Equality occurs only when $a_i=b_i$. The proof subsequently uses the equality case, so the condition must be recorded precisely.

The orthogonality argument depends on the identity

$$v(u)\cdot v(v)=N-2d(u,v).$$

For a coordinate where the bits agree, the contribution is $+1$; where they differ, the contribution is $-1$. Hence the dot product equals

$$(N-d(u,v))-d(u,v),$$

which simplifies to the stated formula. When $d(u,v)=N/2$, the vectors are orthogonal.

Alternative Approaches

The construction may be described more conceptually. Index the coordinates by the vectors of the space $\mathbb F_2^n$. For every affine linear function

$$f(x)=a_0+a_1x_1+\cdots+a_nx_n$$

on $\mathbb F_2^n$, form the binary word consisting of the values of $f$ at all $2^n$ points of the space. There are $2^{n+1}$ such functions. Every nonconstant affine function takes the values $0$ and $1$ equally often, so any two distinct codewords differ in exactly $2^{n-1}$ positions.

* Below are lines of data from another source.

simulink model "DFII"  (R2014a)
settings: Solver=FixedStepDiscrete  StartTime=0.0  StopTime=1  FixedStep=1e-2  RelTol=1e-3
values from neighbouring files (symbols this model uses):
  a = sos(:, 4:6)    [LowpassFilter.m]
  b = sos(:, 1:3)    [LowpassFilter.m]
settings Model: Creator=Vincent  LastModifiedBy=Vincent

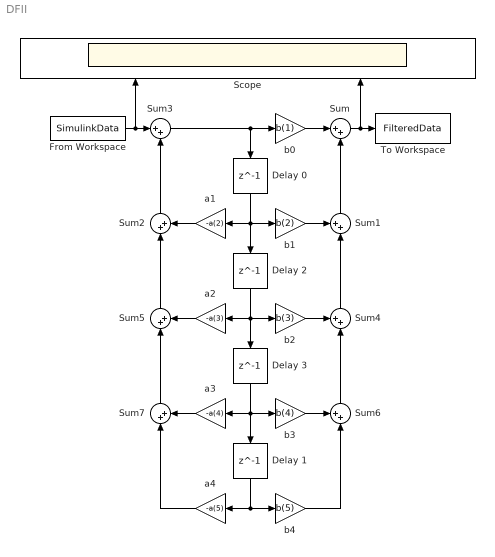
== system DFII ==
  Delay {0..3} (4 alike) : Delay  DelayLength=1  InitialCondition=0
  From Workspace : FromWorkspace  VariableName=SimulinkData  SampleTime=0
  Scope : Scope  NumInputPorts=2
      settings: YMin=-5~-5  YMax=5~5
  Sum{,2..3,5,7} (5 alike) : Sum  Inputs=|++
  Sum1 : Sum  Inputs=++|
  Sum4 : Sum  Inputs=++|
  Sum6 : Sum  Inputs=++|
  To Workspace : ToWorkspace  VariableName=FilteredData  SaveFormat=Structure With Time  SampleTime=-1
  a1 : Gain  Gain=-a(2)
  a2 : Gain  Gain=-a(3)
  a3 : Gain  Gain=-a(4)
  a4 : Gain  Gain=-a(5)
  b0 : Gain  Gain=b(1)
  b1 : Gain  Gain=b(2)
  b2 : Gain  Gain=b(3)
  b3 : Gain  Gain=b(4)
  b4 : Gain  Gain=b(5)
  wires:
  b0/1 -> Sum/1
  Sum/1 -> Scope/2, To Workspace/1
  b1/1 -> Sum1/1
  Delay 0/1 -> Delay 2/1, a1/1, b1/1
  a1/1 -> Sum2/2
  Sum2/1 -> Sum3/2
  From Workspace/1 -> Scope/1, Sum3/1
  Sum3/1 -> b0/1, Delay 0/1
  Sum1/1 -> Sum/2
  b2/1 -> Sum4/1
  Delay 2/1 -> Delay 3/1, a2/1, b2/1
  a2/1 -> Sum5/2
  Sum5/1 -> Sum2/1
  Sum4/1 -> Sum1/2
  Delay 1/1 -> a4/1, b4/1
  a4/1 -> Sum7/1
  b4/1 -> Sum6/2
  b3/1 -> Sum6/1
  Delay 3/1 -> Delay 1/1, a3/1, b3/1
  a3/1 -> Sum7/2
  Sum7/1 -> Sum5/1
  Sum6/1 -> Sum4/2

For the upper bound one may invoke the Plotkin bound directly. In the binary case, a code of length $N$ and minimum distance at least $N/2$ has size at most $2N$. The argument given in the main solution is essentially a self contained proof of this special case, avoiding any external coding theoretic machinery.